The Leaflet

| @theleaflet_in | October 17,2019

IN a notable judgment giving relief to the students, the Madras High Court on October 14, 2019, held that the regulations formulated by the University cannot override the provisions of the Right to Information Act, 2005 and students can obtain the evaluated answer scripts under Right to Information (RTI) Act, 2005.

The court was hearing a plea filed by the Tamil Nadu Dr. Ambedkar Law University. The varsity had approached the Madras High Court challenging the decision of the Tamil Nadu State Information Commission (SIC) that had directed it to provide the copies of the answer scripts to an applicant under the provisions of the RTI Act, 2005.

The university contended before the High Court that the University had its own rules and regulations for furnishing copies of the answer scripts, therefore, it was bound by the same. It was also submitted that the university was ready and willing to furnish copies of answer scripts on payment of charges prescribed under its rules and regulations.

As per the university’s rule, a fee of Rs.500 per subject has been made payable for the students asking for a copy of the answer script. However, under the RTI Act, 2005 chargeable fee is Rs.2 per page.

The court said that it was for a student to choose either of the forum to seek the answer scripts.

Rejecting the contentions of the law university, Justice S.M. Subramaniam held “the University is bound to follow the procedures contemplated under the Right to Information Act and they cannot deny the benefit of answer scripts to the information seeker under the provisions of the Right to Information Act, by stating that procedures of the University would be followed”.

He added, “If any such guidelines, rules or regulations running counter to the provisions of the Right to Information Act, 2005, the spirit of the Right to Information Act alone would prevail and all these Regulations and the procedures adopted by the writ petitioner-Law University are to be kept aside. Thus, the University is bound to follow the procedures contemplated under the Right to Information Act and they cannot deny the benefit of answer scripts to the information seeker under the provisions of the Right to Information Act, by stating that the procedures of the University would be followed”.
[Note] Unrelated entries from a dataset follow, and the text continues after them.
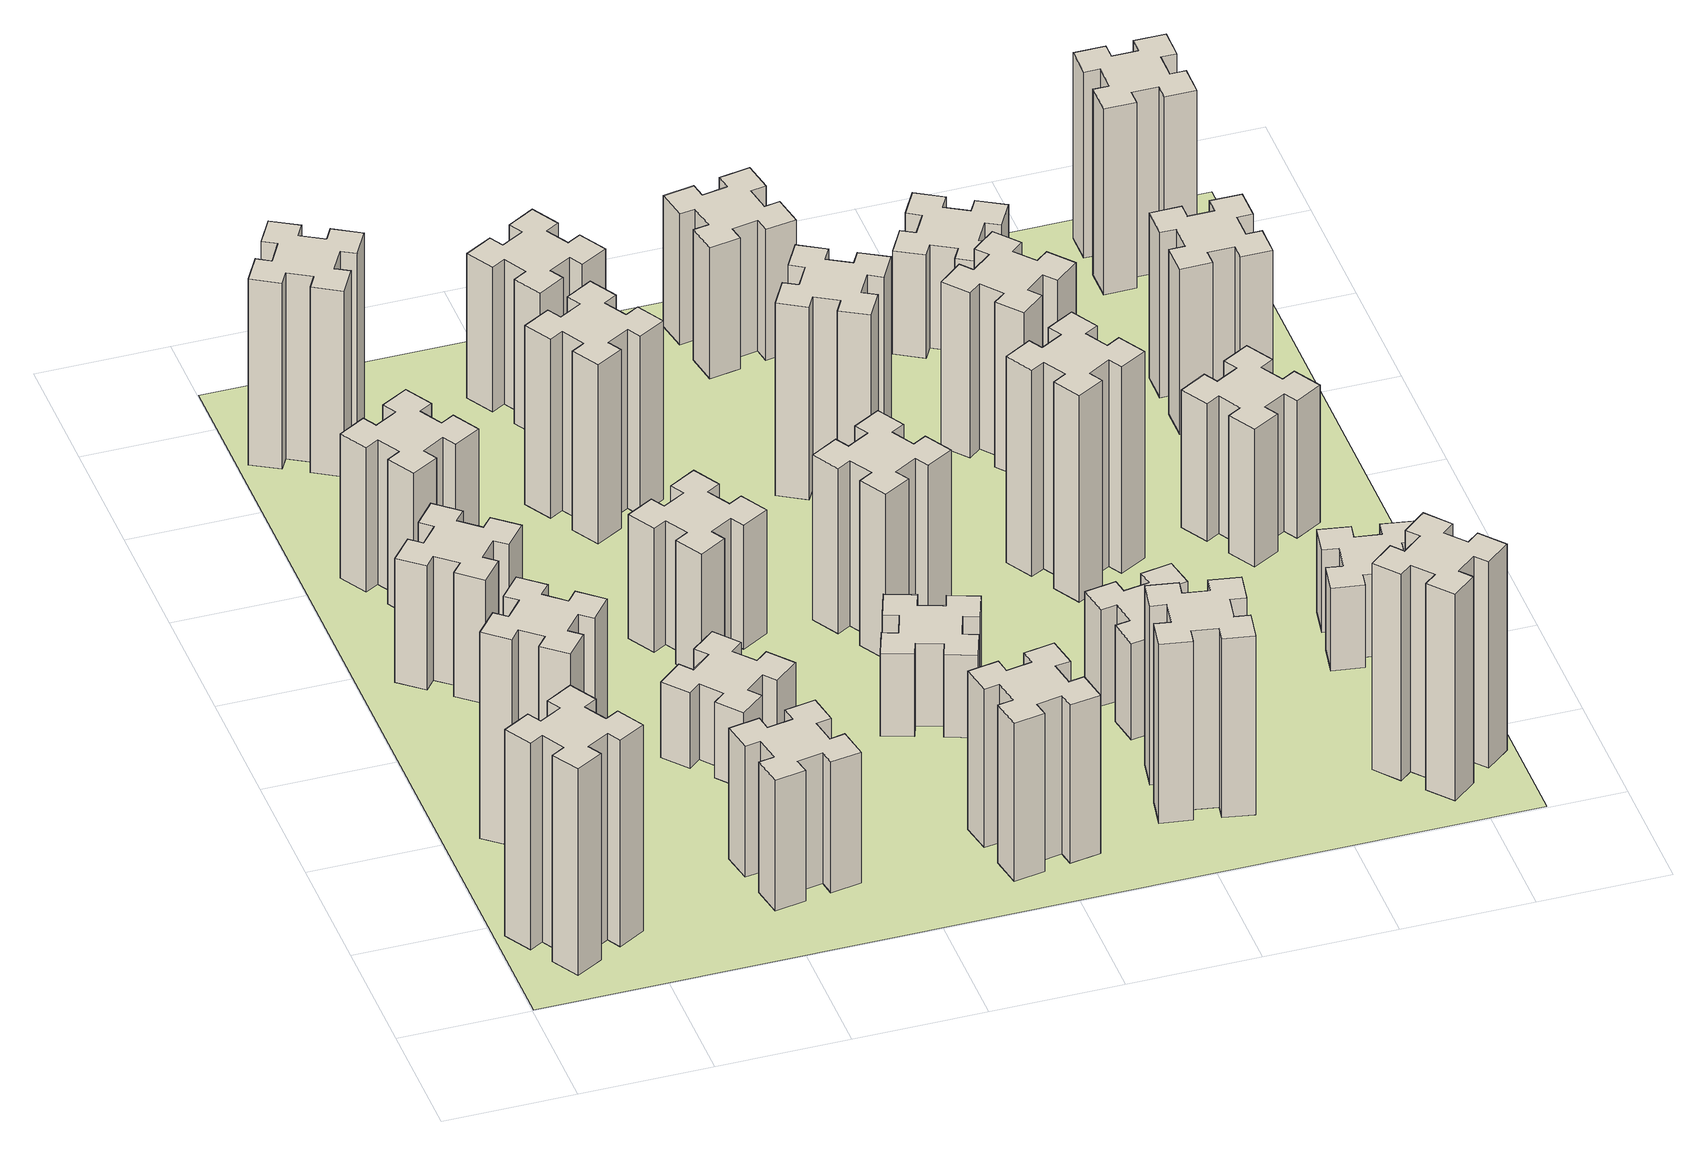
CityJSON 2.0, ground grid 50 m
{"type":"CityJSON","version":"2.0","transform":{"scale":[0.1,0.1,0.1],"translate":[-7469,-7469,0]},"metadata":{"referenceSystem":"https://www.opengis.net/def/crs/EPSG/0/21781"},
"CityObjects":{
"building1":{"type":"Building","attributes":{"class":"1000","function":"1000","usage":"1000","yearOfConstruction":2016,"roofType":"1000","measuredHeight":90,"storeysAboveGround":30,"storeysBelowGround":0},"geometry":[{"type":"Solid","lod":"1","boundaries":[[[[0,1,2,3,4,5,6,7,8,9,10,11,12,13,14,15,16,17,18,19]],[[17,16,20,21]],[[16,15,22,20]],[[15,14,23,22]],[[14,13,24,23]],[[13,12,25,24]],[[12,11,26,25]],[[11,10,27,26]],[[10,9,28,27]],[[9,8,29,28]],[[8,7,30,29]],[[7,6,31,30]],[[6,5,32,31]],[[5,4,33,32]],[[4,3,34,33]],[[3,2,35,34]],[[2,1,36,35]],[[1,0,37,36]],[[0,19,38,37]],[[19,18,39,38]],[[18,17,21,39]],[[24,25,26,27,28,29,30,31,32,33,34,35,36,37,38,39,21,20,22,23]]]]}]},
"building2":{"type":"Building","attributes":{"class":"1000","function":"1000","usage":"1000","yearOfConstruction":2016,"roofType":"1000","measuredHeight":90,"storeysAboveGround":30,"storeysBelowGround":0},"geometry":[{"type":"Solid","lod":"1","boundaries":[[[[40,41,42,43,44,45,46,47,48,49,50,51,52,53,54,55,56,57,58,59]],[[57,56,60,61]],[[56,55,62,60]],[[55,54,63,62]],[[54,53,64,63]],[[53,52,65,64]],[[52,51,66,65]],[[51,50,67,66]],[[50,49,68,67]],[[49,48,69,68]],[[48,47,70,69]],[[47,46,71,70]],[[46,45,72,71]],[[45,44,73,72]],[[44,43,74,73]],[[43,42,75,74]],[[42,41,76,75]],[[41,40,77,76]],[[40,59,78,77]],[[59,58,79,78]],[[58,57,61,79]],[[64,65,66,67,68,69,70,71,72,73,74,75,76,77,78,79,61,60,62,63]]]]}]},
"building3":{"type":"Building","attributes":{"class":"1000","function":"1000","usage":"1000","yearOfConstruction":2016,"roofType":"1000","measuredHeight":54,"storeysAboveGround":30,"storeysBelowGround":0},"geometry":[{"type":"Solid","lod":"1","boundaries":[[[[80,81,82,83,84,85,86,87,88,89,90,91,92,93,94,95,96,97,98,99]],[[97,96,100,101]],[[96,95,102,100]],[[95,94,103,102]],[[94,93,104,103]],[[93,92,105,104]],[[92,91,106,105]],[[91,90,107,106]],[[90,89,108,107]],[[89,88,109,108]],[[88,87,110,109]],[[87,86,111,110]],[[86,85,112,111]],[[85,84,113,112]],[[84,83,114,113]],[[83,82,115,114]],[[82,81,116,115]],[[81,80,117,116]],[[80,99,118,117]],[[99,98,119,118]],[[98,97,101,119]],[[104,105,106,107,108,109,110,111,112,113,114,115,116,117,118,119,101,100,102,103]]]]}]},
"building4":{"type":"Building","attributes":{"class":"1000","function":"1000","usage":"1000","yearOfConstruction":2016,"roofType":"1000","measuredHeight":63,"storeysAboveGround":30,"storeysBelowGround":0},"geometry":[{"type":"Solid","lod":"1","boundaries":[[[[120,121,122,123,124,125,126,127,128,129,130,131,132,133,134,135,136,137,138,139]],[[137,136,140,141]],[[136,135,142,140]],[[135,134,143,142]],[[134,133,144,143]],[[133,132,145,144]],[[132,131,146,145]],[[131,130,147,146]],[[130,129,148,147]],[[129,128,149,148]],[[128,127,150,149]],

The High Court relied upon the decision of the Supreme Court in Institute of Companies Secretaries of India (ICSI) vs. Paras Jain wherein the apex court had held that “the avenue for seeking certified copies as well as inspection is provided both in the Right to Information Act as well as the statutory guidelines of the appellant. In our opinion, the existence of these two avenues is not mutually exclusive and it is upto the candidate to choose either of the routes. Thus, if a candidate seeks information under the provisions of the Right to Information, then payment has to be sought under the Rules therein, however, if the information is sought under the Guidelines of the appellant, then the appellant is at liberty to charge the candidates as per its guidelines”.

The High Court, therefore, held “thus, two options were provided to the information seekers. An information seeker can submit an application under the provisions of the Right to Information Act, 2005 by paying the necessary prescribed fee. In the event of filing any such application under the Right to Information Act, 2005, the procedures contemplated under the Act alone must be followed and the Regulations of the writ petitioner-Law University cannot be followed. In the event of filing any application under the guidelines issued by the writ petitioner-Law University, then the second respondent is at liberty to follow the procedures contemplated under the UniversityRegulations as well as the fees prescribed by the University”.

“…When the Parliament enacted the law in order to develop transparency in public administration, undoubtedly, the other procedures or regulations formulated by any other institutions, cannot prevail over the Act of Parliament and those Rules and Regulations of such individual institutions can never override the purpose and object of the Right to Information Act, 2005”, the High Court said.

RTI activists Paras Jain and Kumar Shanu had also filed an impleading petition in the matter. They brought to the notice of the court that the Supreme Court had settled the issue in respect of furnishing of the answer scripts to the students, who all are submitting their applications under the Right to Information Act, 2005.

The High Court, thus, directed the university to dispose of all the RTI applications filed under the Right to Information Act, 2005, as expeditiously as possible, by following the procedures contemplated under the RTI Act as well as the Rules in force.